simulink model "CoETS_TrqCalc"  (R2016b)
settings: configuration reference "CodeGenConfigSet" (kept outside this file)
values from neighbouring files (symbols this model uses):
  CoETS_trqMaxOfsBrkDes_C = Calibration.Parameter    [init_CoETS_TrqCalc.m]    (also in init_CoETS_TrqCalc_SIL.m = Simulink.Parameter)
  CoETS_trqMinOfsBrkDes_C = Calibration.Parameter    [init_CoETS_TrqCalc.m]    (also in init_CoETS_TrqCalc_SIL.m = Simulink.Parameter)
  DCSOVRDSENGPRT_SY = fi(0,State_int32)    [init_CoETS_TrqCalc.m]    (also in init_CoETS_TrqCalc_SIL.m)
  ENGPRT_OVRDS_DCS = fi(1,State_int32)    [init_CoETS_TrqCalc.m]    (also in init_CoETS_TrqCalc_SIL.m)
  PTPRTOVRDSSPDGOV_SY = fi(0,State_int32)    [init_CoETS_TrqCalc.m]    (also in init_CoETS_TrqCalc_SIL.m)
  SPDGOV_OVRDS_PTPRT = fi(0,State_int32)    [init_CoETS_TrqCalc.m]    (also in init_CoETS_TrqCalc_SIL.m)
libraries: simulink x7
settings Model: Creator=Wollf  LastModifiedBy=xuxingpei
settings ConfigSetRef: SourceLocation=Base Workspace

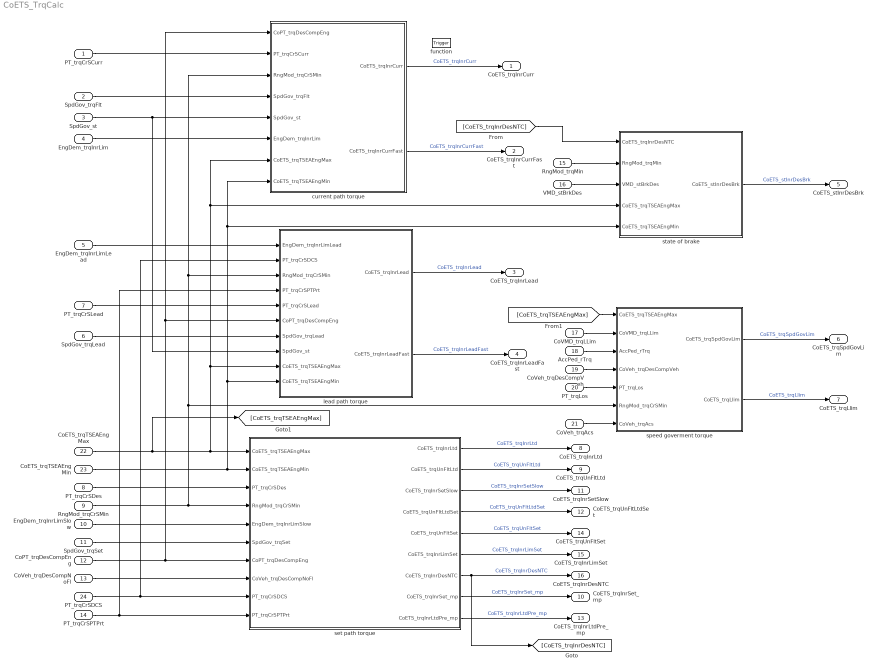
== system CoETS_TrqCalc ==
  PT_trqCrSCurr : Inport  Tag=Nm  Description=application parameter for lead torque order to engine for rail pressure control（crankshaft torque）  OutMin=-3000  OutMax=3000  OutDataTypeStr=Trq_Nm
  SpdGov_trqFlt : Inport  Tag=Nm  Description=filtered setpoint torque of SpdGov  Port=2  OutMin=-3267  OutMax=3267  OutDataTypeStr=Trq_Nm
  SpdGov_st : Inport  Description=status speed control SpdGov  Port=3  OutMin=0  OutMax=65535  OutDataTypeStr=State_uint16
  EngDem_trqInrLim : Inport  Tag=Nm  Description=Resulting limiting torque (inner engine torque)  Port=4  OutMin=-3276.8  OutMax=3276.7  OutDataTypeStr=Trq_Nm
  EngDem_trqInrLimLead : Inport  Tag=Nm  Description=inner engine limted lead torque  Port=5  OutMin=-3276.8  OutMax=3276.7  OutDataTypeStr=Trq_Nm
  SpdGov_trqLead : Inport  Tag=Nm  Description=lead torque of SpdGov on the air path  Port=6  OutMin=-3267  OutMax=3267  OutDataTypeStr=Trq_Nm
  PT_trqCrSLead : Inport  Tag=Nm  Description=application parameter for lead torque order to engine（crankshaft torque）  Port=7  OutMin=-3000  OutMax=3000  OutDataTypeStr=Trq_Nm
  PT_trqCrSDes : Inport  Tag=Nm  Description=Application parameter for requested propulsion torque to engine(crankshaft torque)  Port=8  OutMin=-3000  OutMax=3000  OutDataTypeStr=Trq_Nm
  RngMod_trqCrSMin : Inport  Tag=Nm  Description=minimal crankshaft torque  Port=9  OutMin=-3276.8  OutMax=3276.7  OutDataTypeStr=Trq_Nm
  EngDem_trqInrLimSlow : Inport  Tag=Nm  Description=inner engine limted torque for Slow Path  Port=10  OutMin=-3276.8  OutMax=3276.7  OutDataTypeStr=Trq_Nm
  SpdGov_trqSet : Inport  Tag=Nm  Description=Set point torque of SpdGov on the fuel path  Port=11  OutMin=-3000  OutMax=3000  OutDataTypeStr=Trq_Nm
  CoPT_trqDesCompEng : Inport  Tag=Nm  Description=Application parameter for engine torque desired for compensation  Port=12  OutMin=-3276  OutMax=3276  OutDataTypeStr=Trq_Nm
  CoVeh_trqDesCompNoFl : Inport  Tag=Nm  Description=compensation torque with the shares,which not slur by the drive behaviour filter  Port=13  OutMin=-3000  OutMax=3000  OutDataTypeStr=Trq_Nm
  PT_trqCrSPTPrt : Inport  Tag=Nm  Description=Application parameter for powertrain protection train protection torque(crankshaft torque)  Port=14  OutMin=-3000  OutMax=3000  OutDataTypeStr=Trq_Nm
  RngMod_trqMin : Inport  Tag=Nm  Description=Drag torque (minimum torque)  Port=15  OutMin=-3276.8  OutMax=3276.7  OutDataTypeStr=Trq_Nm
  VMD_stBrkDes : Inport  Description=Application parameter for torque status information  Port=16  OutMin=0  OutMax=65535  OutDataTypeStr=State_uint16
  CoVMD_trqLLim : Inport  Tag=Nm  Description=propulsion torque of longitudinal limter  Port=17  OutMin=-3000  OutMax=3000  OutDataTypeStr=Trq_Nm
  AccPed_rTrq : Inport  Description=Total drive train ratio of engine - wheel  Port=18  OutMin=-327  OutMax=327  OutDataTypeStr=TransRatio
  CoVeh_trqDesCompVeh : Inport  Tag=Nm  Description=Signal for compensation correction of wheel torque level (signal 1)  Port=19  OutMin=-3000  OutMax=3000  OutDataTypeStr=Trq_Nm
  PT_trqLos : Inport  Tag=Nm  Description=Parameter for loss torque of the drive train  Port=20  OutMin=-3000  OutMax=3000  OutDataTypeStr=Trq_Nm
  CoVeh_trqAcs : Inport  Tag=Nm  Description=message for demand of accessories  Port=21  OutMin=-3276.8  OutMax=3276.7  OutDataTypeStr=Trq_Nm
  CoETS_trqTSEAEngMax : Inport  Tag=Nm  Description=torque request to engine intervention decrement(Max)  Port=22  OutMin=-3276  OutMax=3276  OutDataTypeStr=Trq_Nm
  CoETS_trqTSEAEngMin : Inport  Tag=Nm  Description=torque request to engine intervention increment(Min)  Port=23  OutMin=-3276  OutMax=3276  OutDataTypeStr=Trq_Nm
  PT_trqCrSDCS : Inport  Tag=Nm  Description=crankshaft torque for request decrcment  Port=24  OutMin=-3000  OutMax=3000  OutDataTypeStr=Trq_Nm
  function : TriggerPort  TriggerType=function-call  VariantControl=Variant
  current path torque : Subsystem
  lead path torque : Subsystem
  set path torque : Subsystem
  speed goverment torque : Subsystem
  state of brake : Subsystem
  CoETS_trqInrCurr : Outport  Tag=Nm  Description=Inner torque current value  OutMin=-3276  OutMax=3276  OutDataTypeStr=Trq_Nm
  CoETS_trqInrCurrFast : Outport  Tag=Nm  Description=Inner desired torque (fast path) calculated from CoPT_trqCurrEng [Nm]  Port=2  OutMin=-3276  OutMax=3276  OutDataTypeStr=Trq_Nm
  CoETS_trqInrLead : Outport  Tag=Nm  Description=desired lead (inner) torque (without Filter with reserve)  Port=3  OutMin=-3276  OutMax=3276  OutDataTypeStr=Trq_Nm
  CoETS_trqInrLeadFast : Outport  Tag=Nm  Description=Inner torque desired value (fast signal path) generated out of CoPT_trqLeadEng  Port=4  OutMin=-3276  OutMax=3276  OutDataTypeStr=Trq_Nm
  CoETS_stInrDesBrk : Outport  Description=Negative torque status for inner torque  Port=5  OutMin=0  OutMax=4294967295  OutDataTypeStr=State_uint32
  CoETS_trqSpdGovLim : Outport  Tag=Nm  Description=Inner engine limitation torque for EISGov  Port=6  OutMin=-3276.8  OutMax=3276.7  OutDataTypeStr=Trq_Nm
  CoETS_trqLlim : Outport  Tag=Nm  Description=Longitudinal limitation for inner engine torque  Port=7  OutMin=-3276  OutMax=3276  OutDataTypeStr=Trq_Nm
  CoETS_trqInrLtd : Outport  Tag=Nm  Description=inner torque set value after limitation, before AS  Port=8  OutMin=-3000  OutMax=3000  OutDataTypeStr=Trq_Nm
  CoETS_trqUnFltLtd : Outport  Tag=Nm  Description=Limited idle speed governor torque  Port=9  OutMin=-3276  OutMax=3276  OutDataTypeStr=Trq_Nm
  CoETS_trqInrSet_mp : Outport  Tag=Nm  Description=Intermediate inner torque for the set path without filteration  Port=10  OutMin=-3276  OutMax=3276  OutDataTypeStr=Trq_Nm
  CoETS_trqInrSetSlow : Outport  Tag=Nm  Description=Filtered inner torque ( positive torque) desired value (standard signal path) generated out of CoPT_trqDesEng  Port=11  OutMin=-3276  OutMax=3276  OutDataTypeStr=Trq_Nm
  CoETS_trqUnFltLtdSet : Outport  Tag=Nm  Description=Compensation torque of the accessories  Port=12  OutMin=-3276  OutMax=3276  OutDataTypeStr=Trq_Nm
  CoETS_trqInrLtdPre_mp : Outport  Tag=Nm  Description=inner set torque after limitation, before active surge damper  Port=13  OutMin=-3276  OutMax=3276  OutDataTypeStr=Trq_Nm
  CoETS_trqUnFltSet : Outport  Tag=Nm  Description="Compensation torque of \"loss torque compensation\" to bypass filter influences on the set path which is partly compensated"  Port=14  OutMin=-3276  OutMax=3276  OutDataTypeStr=Trq_Nm
  CoETS_trqInrLimSet : Outport  Tag=Nm  Description=Limitation torque without the part of the speed governor  Port=15  OutMin=-3000  OutMax=3000  OutDataTypeStr=Trq_Nm
  CoETS_trqInrDesNTC : Outport  Tag=Nm  Description=Additional desired engine friction Nm  Port=16  OutMin=-3276  OutMax=3276  OutDataTypeStr=Trq_Nm
  wires:
  RngMod_trqMin/1 -> state of brake/2(RngMod_trqMin)
  SpdGov_st/1 -> lead path torque/8(SpdGov_st), current path torque/5(SpdGov_st)
  SpdGov_trqFlt/1 -> current path torque/4(SpdGov_trqFlt)
  EngDem_trqInrLim/1 -> current path torque/6(EngDem_trqInrLim)
  VMD_stBrkDes/1 -> state of brake/3(VMD_stBrkDes)
  state of brake/1(CoETS_stInrDesBrk) -> CoETS_stInrDesBrk/1  "CoETS_stInrDesBrk"
  current path torque/1(CoETS_trqInrCurr) -> CoETS_trqInrCurr/1  "CoETS_trqInrCurr"
  AccPed_rTrq/1 -> speed goverment torque/3(AccPed_rTrq)
  CoVeh_trqAcs/1 -> speed goverment torque/7(CoVeh_trqAcs)
  CoVMD_trqLLim/1 -> speed goverment torque/2(CoVMD_trqLLim)
  speed goverment torque/1(CoETS_trqSpdGovLim) -> CoETS_trqSpdGovLim/1  "CoETS_trqSpdGovLim"
  CoVeh_trqDesCompVeh/1 -> speed goverment torque/4(CoVeh_trqDesCompVeh)
  PT_trqLos/1 -> speed goverment torque/5(PT_trqLos)
  lead path torque/1(CoETS_trqInrLead) -> CoETS_trqInrLead/1  "CoETS_trqInrLead"
  PT_trqCrSCurr/1 -> current path torque/2(PT_trqCrSCurr)
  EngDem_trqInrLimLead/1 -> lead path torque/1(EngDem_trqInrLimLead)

→ **Action item**:
For this exercise, find all lines in the records containing the word "wheel" and copy them.

→ **Solution below**:
  AccPed_rTrq : Inport  Description=Total drive train ratio of engine - wheel  Port=18  OutMin=-327  OutMax=327  OutDataTypeStr=TransRatio
  CoVeh_trqDesCompVeh : Inport  Tag=Nm  Description=Signal for compensation correction of wheel torque level (signal 1)  Port=19  OutMin=-3000  OutMax=3000  OutDataTypeStr=Trq_Nm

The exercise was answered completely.